Among them, older adults living alone are considered a particularly vulnerable group to depression and suicide risk due to complex factors such as social isolation, chronic illness, and loneliness. According to the 2023 national survey on older adults [2] conducted by the Ministry of Health and Welfare, 2% of older adults living alone reported having experienced suicidal thoughts, which is four times higher than that of older adults living with a spouse (0.5%) and approximately 3.3 times higher than those living with children (0.6%). Loneliness accounted for the highest proportion of reasons for suicidal ideation (28.3%), and the prevalence of depressive symptoms (16.1%) was more than twice as high as that of older adults living with a spouse (7.8%). These findings indicate that older adults living alone constitute a high-risk group for suicide, drawing attention to the relationship between depression and suicidal ideation in this population.

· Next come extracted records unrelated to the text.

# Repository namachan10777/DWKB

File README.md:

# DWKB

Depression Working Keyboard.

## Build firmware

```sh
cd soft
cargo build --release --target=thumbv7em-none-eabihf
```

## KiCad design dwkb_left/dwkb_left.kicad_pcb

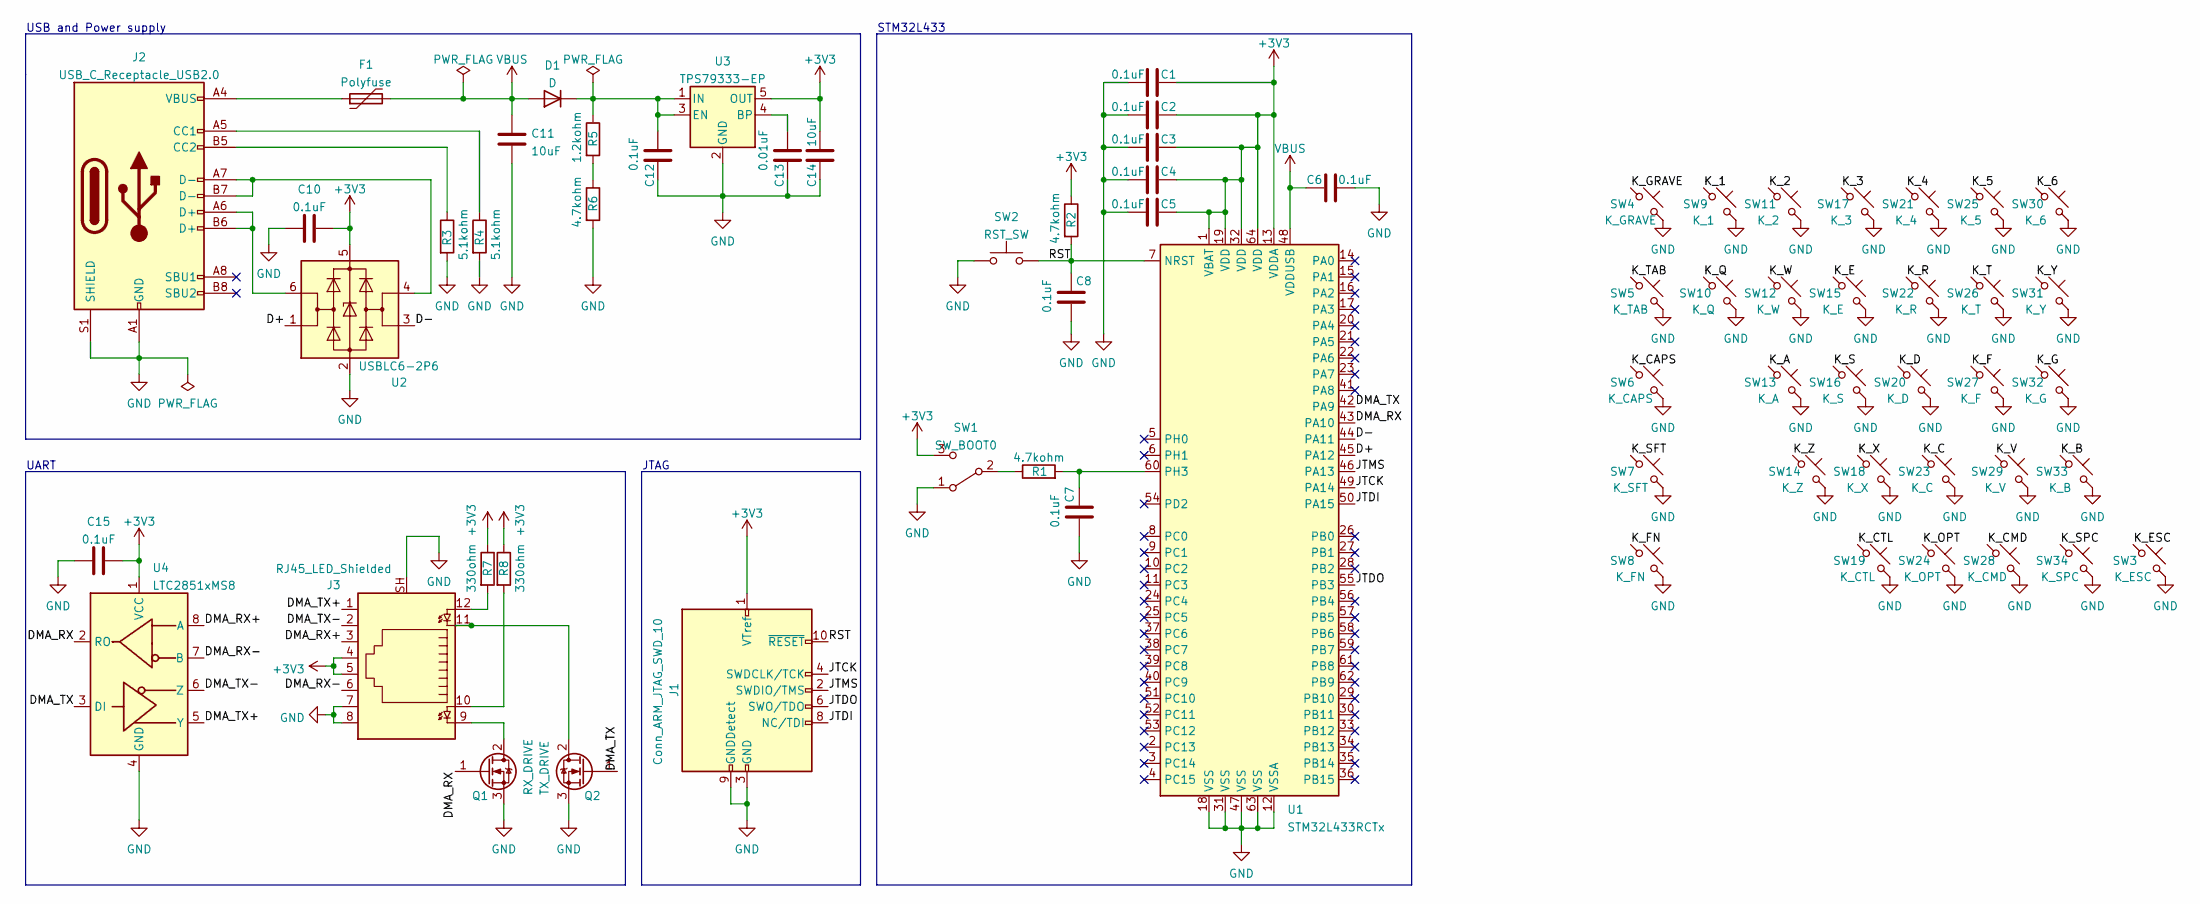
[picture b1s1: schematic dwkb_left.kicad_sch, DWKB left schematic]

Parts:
C1, C2, C3, C4, C5, C6, C7, C8, C10, C12, C15: 0.1uF; C_0603_1608Metric_Pad1.08x0.95mm_HandSolder
C11: 10uF; C_0603_1608Metric_Pad1.08x0.95mm_HandSolder
C13: 0.01uF; C_0603_1608Metric_Pad1.08x0.95mm_HandSolder
C14: 10uF; C_1206_3216Metric_Pad1.33x1.80mm_HandSolder
D1: D; D_SOD-123
F1: Polyfuse; Fuse_0805_2012Metric_Pad1.15x1.40mm_HandSolder
J1: Conn_ARM_JTAG_SWD_10; PinHeader_2x05_P1.27mm_Vertical
J2: USB_C_Receptacle_USB2.0; USB_C_Receptacle_Palconn_UTC16-G
J3: RJ45_LED_Shielded; RJ45_BEL_SS74301-00x_Vertical
Q1: RX_DRIVE; SOT-23
Q2: TX_DRIVE; SOT-23
R1, R2, R6: 4.7kohm; R_0603_1608Metric_Pad0.98x0.95mm_HandSolder
R3, R4: 5.1kohm; R_0603_1608Metric_Pad0.98x0.95mm_HandSolder
R5: 1.2kohm; R_0603_1608Metric_Pad0.98x0.95mm_HandSolder
R7, R8: 330ohm; R_0603_1608Metric_Pad0.98x0.95mm_HandSolder
SW1: SW_BOOT0; SW_SPDT_PCM12
SW2: RST_SW; SW_SPST_PTS810
SW3: K_ESC; Kailh_Choc_V2_1.00u_PCB
SW4: K_GRAVE; Kailh_Choc_V2_1.00u_PCB
SW5: K_TAB; Kailh_Choc_V2_1.50u_PCB
SW6: K_CAPS; Kailh_Choc_V2_1.75u_PCB
SW7: K_SFT; Kailh_Choc_V2_2.25u_PCB
SW8: K_FN; Kailh_Choc_V2_1.00u_PCB
SW9: K_1; Kailh_Choc_V2_1.00u_PCB
SW10: K_Q; Kailh_Choc_V2_1.00u_PCB
SW11: K_2; Kailh_Choc_V2_1.00u_PCB
SW12: K_W; Kailh_Choc_V2_1.00u_PCB
SW13: K_A; Kailh_Choc_V2_1.00u_PCB
SW14: K_Z; Kailh_Choc_V2_1.00u_PCB
SW15: K_E; Kailh_Choc_V2_1.00u_PCB
SW16: K_S; Kailh_Choc_V2_1.00u_PCB
SW17: K_3; Kailh_Choc_V2_1.00u_PCB
SW18: K_X; Kailh_Choc_V2_1.00u_PCB
SW19: K_CTL; Kailh_Choc_V2_1.25u_PCB
SW20: K_D; Kailh_Choc_V2_1.00u_PCB
SW21: K_4; Kailh_Choc_V2_1.00u_PCB
SW22: K_R; Kailh_Choc_V2_1.00u_PCB
SW23: K_C; Kailh_Choc_V2_1.00u_PCB
SW24: K_OPT; Kailh_Choc_V2_1.25u_PCB
SW25: K_5; Kailh_Choc_V2_1.00u_PCB
SW26: K_T; Kailh_Choc_V2_1.00u_PCB
SW27: K_F; Kailh_Choc_V2_1.00u_PCB
SW28: K_CMD; Kailh_Choc_V2_1.25u_PCB
SW29: K_V; Kailh_Choc_V2_1.00u_PCB
SW30: K_6; Kailh_Choc_V2_1.00u_PCB
SW31: K_Y; Kailh_Choc_V2_1.00u_PCB
SW32: K_G; Kailh_Choc_V2_1.00u_PCB
SW33: K_B; Kailh_Choc_V2_1.00u_PCB
SW34: K_SPC; Kailh_Choc_V2_1.50u_PCB
U1: STM32L433RCTx; LQFP-64_10x10mm_P0.5mm
U2: USBLC6-2P6; SOT-666
U3: TPS79333-EP; SOT-23-5
U4: LTC2851xMS8; MSOP-8_3x3mm_P0.65mm

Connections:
+3V3: C1.1, C2.1, C3.1, C4.1, C5.1, C10.2, C14.1, C15.2, J1.1 (VTref), J3.4, J3.5, R2.1, R7.1, R8.1, SW1.3 (C), U1.1 (VBAT), U1.13 (VDDA), U1.19 (VDD), U1.32 (VDD), U1.64 (VDD), U2.5 (VBUS), U3.5 (OUT), U4.1 (VCC)
/D+: U1.45 (PA12), U2.1 (I/O1)
/D-: U1.44 (PA11), U2.3 (I/O2)
/DMA_RX: Q1.1 (G), U1.43 (PA10), U4.2 (RO)
/DMA_RX+: J3.3, U4.8 (A)
/DMA_RX-: J3.6, U4.7 (B)
/DMA_TX: Q2.1 (G), U1.42 (PA9), U4.3 (DI)
/DMA_TX+: J3.1, U4.5 (Y)
/DMA_TX-: J3.2, U4.6 (Z)
/JTCK: J1.4 (SWDCLK/TCK), U1.49 (PA14)
/JTDI: J1.8 (NC/TDI), U1.50 (PA15)
/JTDO: J1.6 (SWO/TDO), U1.55 (PB3)
/JTMS: J1.2 (SWDIO/TMS), U1.46 (PA13)
/K_1: SW9.1
/K_2: SW11.1
/K_3: SW17.1
/K_4: SW21.1
/K_5: SW25.1
/K_6: SW30.1
/K_A: SW13.1
/K_B: SW33.1
/K_C: SW23.1
/K_CAPS: SW6.1
/K_CMD: SW28.1
/K_CTL: SW19.1
/K_D: SW20.1
/K_E: SW15.1
/K_ESC: SW3.1
/K_F: SW27.1
/K_FN: SW8.1
/K_G: SW32.1
/K_GRAVE: SW4.1
/K_OPT: SW24.1
/K_Q: SW10.1
/K_R: SW22.1
/K_S: SW16.1
/K_SFT: SW7.1
/K_SPC: SW34.1
/K_T: SW26.1
/K_TAB: SW5.1
/K_V: SW29.1
/K_W: SW12.1
/K_X: SW18.1
/K_Y: SW31.1
/K_Z: SW14.1
/RST: C8.1, J1.10 (~RESET), R2.2, SW2.2, U1.7 (NRST)
GND: C1.2, C2.2, C3.2, C4.2, C5.2, C6.2, C7.2, C8.2, C10.1, C11.2, C12.2, C13.2, C14.2, C15.1, J1.3 (GND), J1.5 (GND), J1.9 (GNDDetect), J2.A1 (GND), J2.A12 (GND), J2.B1 (GND), J2.B12 (GND), J2.S1 (SHIELD), J3.7, J3.8, J3.SH, Q1.3 (S), Q2.3 (S), R3.2, R4.2, R6.2, SW1.1 (A), SW2.1, SW3.2, SW4.2, SW5.2, SW6.2, SW7.2, SW8.2, SW9.2, SW10.2, SW11.2, SW12.2, SW13.2, SW14.2, SW15.2, SW16.2, SW17.2, SW18.2, SW19.2, SW20.2, SW21.2, SW22.2, SW23.2, SW24.2, SW25.2, SW26.2, SW27.2, SW28.2, SW29.2, SW30.2, SW31.2, SW32.2, SW33.2, SW34.2, U1.12 (VSSA), U1.18 (VSS), U1.31 (VSS), U1.47 (VSS), U1.63 (VSS), U2.2 (GND), U3.2 (GND), U4.4 (GND)
unnamed: C7.1, R1.2, U1.60 (PH3)
unnamed: C12.1, D1.1 (K), R5.1, U3.1 (IN), U3.3 (EN)
unnamed: C13.1, U3.4 (BP)
unnamed: F1.1, J2.A4 (VBUS), J2.A9 (VBUS), J2.B4 (VBUS), J2.B9 (VBUS)
unnamed: J2.A5 (CC1), R4.1
unnamed: J2.A6 (D+), J2.B6 (D+), U2.6 (I/O1)
unnamed: J2.A7 (D-), J2.B7 (D-), U2.4 (I/O2)
unnamed: J2.B5 (CC2), R3.1
unnamed: J3.9, Q1.2 (D)
unnamed: J3.10, R8.2
unnamed: J3.11, Q2.2 (D)
unnamed: J3.12, R7.2
unnamed: R1.1, SW1.2 (B)
unnamed: R5.2, R6.1
VBUS: C6.1, C11.1, D1.2 (A), F1.2, U1.48 (VDDUSB)

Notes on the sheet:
STM32L433
USB and Power supply
UART
JTAG

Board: 2 copper layers, 67 parts (0 on the bottom side), 30 nets, no tracks yet.

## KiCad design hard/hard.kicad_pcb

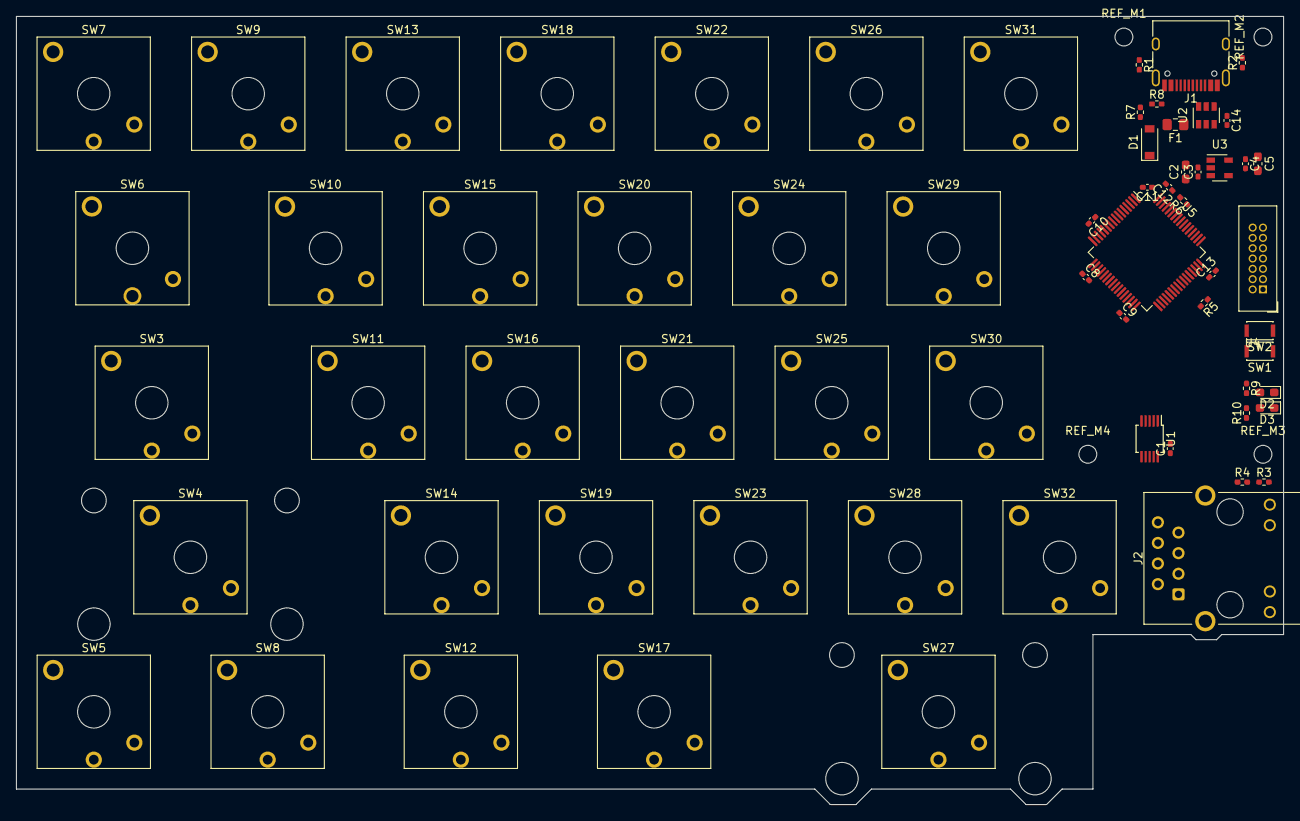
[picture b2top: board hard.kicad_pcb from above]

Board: 2 copper layers, 156.2 x 97.2 mm, 69 parts (0 on the bottom side), 62 nets, no tracks yet.

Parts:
C1, C3, C4, C8, C9, C10, C11, C12, C13, C14: 0.1uF; C_0402_1005Metric_Pad0.74x0.62mm_HandSolder
C2, C5: 1uF; C_0603_1608Metric_Pad1.08x0.95mm_HandSolder
D1: D; D_SOD-123
D2: STATUS1; LED_0603_1608Metric_Pad1.05x0.95mm_HandSolder
D3: STATUS2; LED_0603_1608Metric_Pad1.05x0.95mm_HandSolder
F1: Polyfuse; Fuse_0805_2012Metric_Pad1.15x1.40mm_HandSolder
J1: USB_C_Receptacle_USB2.0; USB_C_Receptacle_HRO_TYPE-C-31-M-12
J2: RJ45_LED_Shielded; RJ45_Hanrun_HR911105A
R1, R2: 5.1kOhm; R_0402_1005Metric_Pad0.72x0.64mm_HandSolder
R3, R4: R; R_0402_1005Metric_Pad0.72x0.64mm_HandSolder
R5, R6: 4.7kOhm; R_0402_1005Metric_Pad0.72x0.64mm_HandSolder
R7: 2.2kOhm; R_0402_1005Metric_Pad0.72x0.64mm_HandSolder
R8: 3.3kOhm; R_0402_1005Metric_Pad0.72x0.64mm_HandSolder
R9, R10: 330Ohm; R_0402_1005Metric_Pad0.72x0.64mm_HandSolder
REF_M1, REF_M2, REF_M3, REF_M4: MountingHole_2.2mm_M2_DIN965
SW1: SW_RST; SW_SPST_CK_KXT3
SW2: SW_BOOT0; SW_SPST_CK_KXT3
SW3: KEY_CAPSLOCK; Kailh_Choc_V2_1.75u_PCB
SW4: KEY_LSHIFT; Kailh_Choc_V2_2.25u_PCB
SW5: KEY_LFN; Kailh_Choc_V2_1.00u_PCB
SW6: KEY_TAB; Kailh_Choc_V2_1.50u_PCB
SW7: KEY_ESCAPE; Kailh_Choc_V2_1.00u_PCB
SW8: KEY_CONTROL; Kailh_Choc_V2_1.25u_PCB
SW9: KEY_1; Kailh_Choc_V2_1.00u_PCB
SW10: KEY_Q; Kailh_Choc_V2_1.00u_PCB
SW11: KEY_A; Kailh_Choc_V2_1.00u_PCB
SW12: KEY_OPTION; Kailh_Choc_V2_1.25u_PCB
SW13: KEY_2; Kailh_Choc_V2_1.00u_PCB
SW14: KEY_Z; Kailh_Choc_V2_1.00u_PCB
SW15: KEY_W; Kailh_Choc_V2_1.00u_PCB
SW16: KEY_S; Kailh_Choc_V2_1.00u_PCB
SW17: KEY_COMMAND; Kailh_Choc_V2_1.25u_PCB
SW18: KEY_3; Kailh_Choc_V2_1.00u_PCB
SW19: KEY_X; Kailh_Choc_V2_1.00u_PCB
SW20: KEY_E; Kailh_Choc_V2_1.00u_PCB
SW21: KEY_D; Kailh_Choc_V2_1.00u_PCB
SW22: KEY_4; Kailh_Choc_V2_1.00u_PCB
SW23: KEY_C; Kailh_Choc_V2_1.00u_PCB
SW24: KEY_R; Kailh_Choc_V2_1.00u_PCB
SW25: KEY_F; Kailh_Choc_V2_1.00u_PCB
SW26: KEY_5; Kailh_Choc_V2_1.00u_PCB
SW27: KEY_SPACE; Kailh_Choc_V2_2.00u_PCB
SW28: KEY_V; Kailh_Choc_V2_1.00u_PCB
SW29: KEY_T; Kailh_Choc_V2_1.00u_PCB
SW30: KEY_G; Kailh_Choc_V2_1.00u_PCB
SW31: KEY_6; Kailh_Choc_V2_1.00u_PCB
SW32: KEY_B; Kailh_Choc_V2_1.00u_PCB
U1: LTC2852xMS; MSOP-10_3x3mm_P0.5mm
U2: USBLC6-2SC6; SOT-23-6
U3: MIC5504-3.3YM5; SOT-23-5
U4: STLinkV3; IDC-Header_2x07_P1.27mm_Vertical
U5: STM32L412RBTx; LQFP-64_10x10mm_P0.5mm

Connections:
+3V3: C1.1, C4.1, C5.1, C8.2, C9.2, C10.2, C11.2, C12.2, C13.2, R5.1, R9.1, R10.1, SW2.1, U1.3, U1.10, U3.5, U4.3, U5.1, U5.13, U5.19, U5.32, U5.48, U5.64
/D+: U2.1, U5.45
/D-: U2.3, U5.44
/ETH_RX+: J2.6, U1.9
/ETH_RX-: J2.3, U1.8
/ETH_TX+: J2.2, U1.7
/ETH_TX-: J2.1, U1.6
/JTCK: U4.6, U4.9, U5.49
/JTDI: U4.10, U5.50
/JTDO: U4.8, U5.54
/JTMS: U4.4, U5.46
/KEY_1: SW9.2, U5.21
/KEY_2: SW13.2, U5.22
/KEY_3: SW18.2, U5.23
/KEY_4: SW22.2, U5.40
/KEY_5: SW26.2, U5.39
/KEY_6: SW31.2, U5.38
/KEY_A: SW11.2, U5.8
/KEY_B: SW32.2, U5.2
/KEY_C: SW23.2, U5.52
/KEY_CAPSLOCK: SW3.2, U5.37
/KEY_COMMAND: SW17.2, U5.35
/KEY_CONTROL: SW8.2, U5.27
/KEY_D: SW21.2, U5.10
/KEY_E: SW20.2, U5.29
/KEY_ESCAPE: SW7.2, U5.20
/KEY_F: SW25.2, U5.11
/KEY_G: SW30.2, U5.60
/KEY_LFN: SW5.2, U5.26
/KEY_LSHIFT: SW4.2, U5.25
/KEY_OPTION: SW12.2, U5.34
/KEY_Q: SW10.2, U5.51
/KEY_R: SW24.2, U5.55
/KEY_S: SW16.2, U5.9
/KEY_SPACE: SW27.2, U5.36
/KEY_T: SW29.2, U5.56
/KEY_TAB: SW6.2, U5.24
/KEY_V: SW28.2, U5.53
/KEY_W: SW15.2, U5.28
/KEY_X: SW19.2, U5.41
/KEY_Z: SW14.2, U5.33
/NRST: R5.2, SW1.2, U4.12, U5.7
/RX: J2.10, U1.1, U5.43
/TX: J2.12, U1.4, U5.42
/VBUS_DETECT: R7.2, R8.1, U5.3
/VPC_RX: U4.14, U5.17
/VPC_TX: U4.13, U5.16
/V_SHARED: C2.1, C3.1, D1.1, J2.4, J2.5, U3.1, U3.3
GND: C1.2, C2.2, C3.2, C4.2, C5.2, C8.1, C9.1, C10.1, C11.1, C12.1, C13.1, C14.2, J1.A1, J1.A12, J1.B1, J1.B12, J1.S1, J2.7, J2.8, J2.SH, R1.2, R2.2, R3.1, R4.1, R6.2, R8.2, SW1.1, SW3.1, SW4.1, SW5.1, SW6.1, SW7.1, SW8.1, SW9.1, SW10.1, SW11.1, SW12.1, SW13.1, SW14.1, SW15.1, SW16.1, SW17.1, SW18.1, SW19.1, SW20.1, SW21.1, SW22.1, SW23.1, SW24.1, SW25.1, SW26.1, SW27.1, SW28.1, SW29.1, SW30.1, SW31.1, SW32.1, U1.2, U1.5, U2.2, U3.2, U4.5, U4.7, U4.11, U5.12, U5.18, U5.31, U5.47, U5.63
unnamed: C14.1, D1.2, F1.1, R7.1, U2.5
unnamed: D2.1, U5.57
unnamed: D2.2, R9.2
unnamed: D3.1, U5.58
unnamed: D3.2, R10.2
unnamed: F1.2, J1.A4, J1.A9, J1.B4, J1.B9
unnamed: J1.A5, R2.1
unnamed: J1.A6, J1.B6, U2.6
unnamed: J1.A7, J1.B7, U2.4
unnamed: J1.B5, R1.1
unnamed: J2.9, R3.2
unnamed: J2.11, R4.2
unnamed: R6.1, SW2.2, U5.59

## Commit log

2021-08-31 init
2021-08-31 place keys on sch
2021-08-31 wiring keys
2021-08-31 GHA rust
2021-08-31 cargo clippy and fmt --check on GHA
2021-08-31 labeling net
2021-08-31 assign Diode footprints
2021-09-01 essential configuration for STM32F401RET6
2021-09-01 add RJ45 x2
2021-09-02 rename to dwkb
2021-09-14 Kailh Choc V2 footprints
2021-09-14 sch: WIP
2021-09-14 add Kailh Choc V2 key
2021-09-14 assign key footprints
2021-09-14 place keys
2021-09-14 assign all footprints
2021-09-15 draw outline
2021-09-15 set all footprints
2021-10-09 STM32L412RBTx
2021-10-09 misc circuits
2021-11-10 gen2
2021-11-10 cargo
2021-11-10 kicad automated
2021-11-10 cannot connect
2021-11-10 run only check
2021-11-10 fix kibot config name
2021-11-10 soft: hello world
2021-11-10 hard: new shape
2021-11-10 THVD1451D -> THVD1452
2021-11-16 termination resister
2021-11-17 fix termination resister
2021-12-13 kicad 6

However, not all experiences of depression lead to suicidal ideation. In the same survey, while 16.1% of older adults living alone reported experiencing depression, only 2.0% reported having suicidal thoughts. This suggests the presence of psychological protective factors that prevent the progression from depression to suicidal ideation, even when individuals are exposed to various stressors. Identifying such protective factors provides a crucial theoretical foundation for developing practical intervention strategies for suicide prevention.
Recently, resilience has attracted attention as one of the key psychological protective factors. Resilience refers to an individual’s ability to respond flexibly and recover psychologically when faced with stress or adversity, potentially buffering the relationship between depression and suicide. Depression has been identified as a major predictor of suicidal ideation [3], while resilience has been reported as a protective factor that reduces suicidal thoughts [4]. Kwon [5] found a moderating effect of resilience in the relationship between depression and suicidal intent, and Kim [6] also reported a moderating effect of resilience in the relationship between loneliness and suicidal ideation among older adults living alone. These findings suggest that resilience may alter the intensity of suicidal responses under stressful circumstances.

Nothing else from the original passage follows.